Tokenization is the conversion of asset rights into digital tokens on a blockchain. This process promises greater liquidity, transparency and efficiency for digitized physical assets. Citing industry experts, McKinsey predicts a potential trading volume in tokenized digital securities of $5 trillion by 2030.

Read more: What are the implications of tokenizing Real World Assets (RWA)?

BlackRock CEO Larry Fink also believes that tokenization represents a major technological breakthrough with the potential to transform asset management.

“Today we have the technology for tokenization. When you have a tokenized security and an identity, the moment you buy or sell an instrument on a ledger, everything is created together. You want to talk about money laundering issues. This eliminates any corruption through a tokenized system,” explained Fink.

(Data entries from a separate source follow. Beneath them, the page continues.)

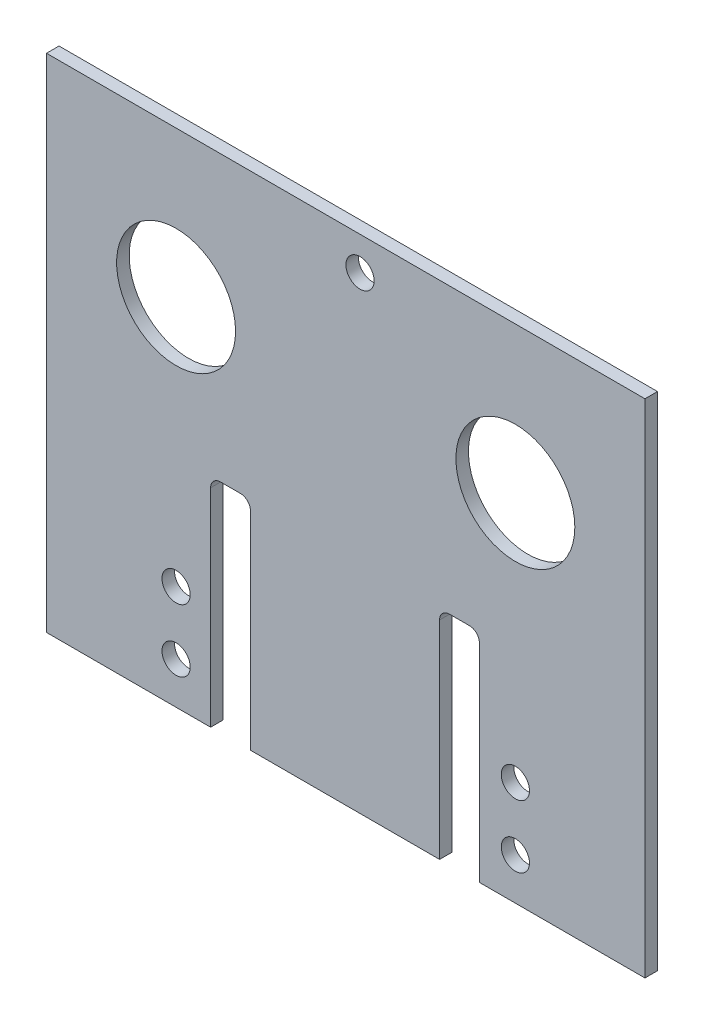
SolidWorks part; units mm, degrees
ref_plane "Front Plane" through (0, 0, 0) normal (0, 0, 1) x (1, 0, 0)
ref_plane "Top Plane" through (0, 0, 0) normal (0, 1, 0) x (1, 0, 0)
ref_plane "Right Plane" through (0, 0, 0) normal (1, 0, 0) x (0, 0, -1)
sketch "Sketch1" plane through (0, 0, 0) normal (0, 0, 1) x (1, 0, 0)
  line L1 (0, 0) -> (143.16, 0)
  line L2 (0, 0) -> (0, -120)
  line L3 (0, -120) -> (143.16, -120)
  line L4 (143.16, 0) -> (143.16, -120)
  dimension "D1" = 120
  dimension "D2" = 143.16
extrude "Boss-Extrude1" add sketch "Sketch1" along normal blind 3
sketch "Sketch2" plane through (0, 0, 3) normal (0, 0, 1) x (1, 0, 0)
  line L0 (0, 0) -> (0, -120) construction
  line L1 (143.16, -120) -> (143.16, 0) construction
  line L2 (0, -120) -> (143.16, -120) construction
  line L3 (143.16, 0) -> (0, 0) construction
  circle A0 centre (31, -35) radius 14.225
  circle A1 centre (112.16, -35) radius 14.225
  circle A3 centre (31, -110) radius 3.375
  circle A4 centre (112.16, -110) radius 3.375
  circle A7 centre (75, -8) radius 3.375
  circle A8 centre (31, -95) radius 3.375
  circle A9 centre (112.16, -95) radius 3.375
  dimension "D1" = 28.45
  dimension "D2" = 28.45
  dimension "D3" = 10
  dimension "D4" = 6.75
  dimension "D5" = 6.75
  dimension "D7" = 6.75
  dimension "D8" = 75
  dimension "D14" = 6.75
  dimension "D17" = 6.75
  dimension "D9" = 31
  dimension "D10" = 31
  dimension "D12" = 35
  dimension "D13" = 8
  dimension "D15" = 15
  dimension "D16" = 15
extrude "Cut-Extrude1" cut sketch "Sketch2" against normal through all
sketch "Sketch3" plane through (0, 0, 0) normal (0, 0, -1) x (-1, 0, 0)
  line L0 (-39.2577, -120) -> (-39.2577, -68)
  line L1 (0, -120) -> (-143.16, -120) construction
  line L2 (-39.2577, -68) -> (-48.7877, -68)
  line L3 (-48.7877, -68) -> (-48.7877, -120)
  line L4 (-48.7877, -120) -> (-39.2577, -120)
  line L5 (-103.5592, -120) -> (-103.5592, -68)
  line L6 (-103.5592, -68) -> (-94.0342, -68)
  line L7 (-94.0342, -68) -> (-94.0342, -120)
  line L8 (-94.0342, -120) -> (-103.5592, -120)
  point P8 (-39.2577, -69.2)
  point P11 (-103.5592, -69.2)
  dimension "D1" = 52
  dimension "D2" = 52
  dimension "D3" = 9.525
  dimension "D4" = 9.53
extrude "Cut-Extrude2" cut sketch "Sketch3" against normal through all
fillet "Fillet2" radius 2.3813 4 edges at (39.2577, -68, 1.5) (48.7877, -68, 1.5) (103.5592, -68, 1.5) (94.0342, -68, 1.5)

Bitcoin monthly net flow. Source: Vetle Lunde/K33 Research

Another important factor driving institutional interest in Bitcoin is its perceived role as a hedge against inflation, according to US presidential candidate Robert Kennedy Jr. Kennedy noted that Bitcoin's recent price action has further strengthened its credibility as a haven from central banks' money-printing tendencies.

He also emphasized the importance of Bitcoin for freedom of transactions and compared it to freedom of expression.

“We need to make sure that people who want to protect themselves from inflation can have that, but also that they have freedom to transact and the government is not able to digitize our currency like they did in Canada,” said Kennedy.

Read more: Bitcoin price prediction 2024/2025/2030

Finally, Galaxy Digital CEO Mike Novogratz opined that Bitcoin’s growth potential will continue to attract a “new army of buyers.” According to him, baby boomers, who have $85 trillion in global wealth, could enter the Bitcoin market through the recently launched Bitcoin ETFs. He suggested that more than half of registered investment advisors (RIAs) could facilitate this process.

Novogratz further suggested that Bitcoin's market cap could one day surpass that of gold. The expert based this prediction on younger generations, particularly Generation Z and Millennials, who prefer Bitcoin over traditional assets such as gold.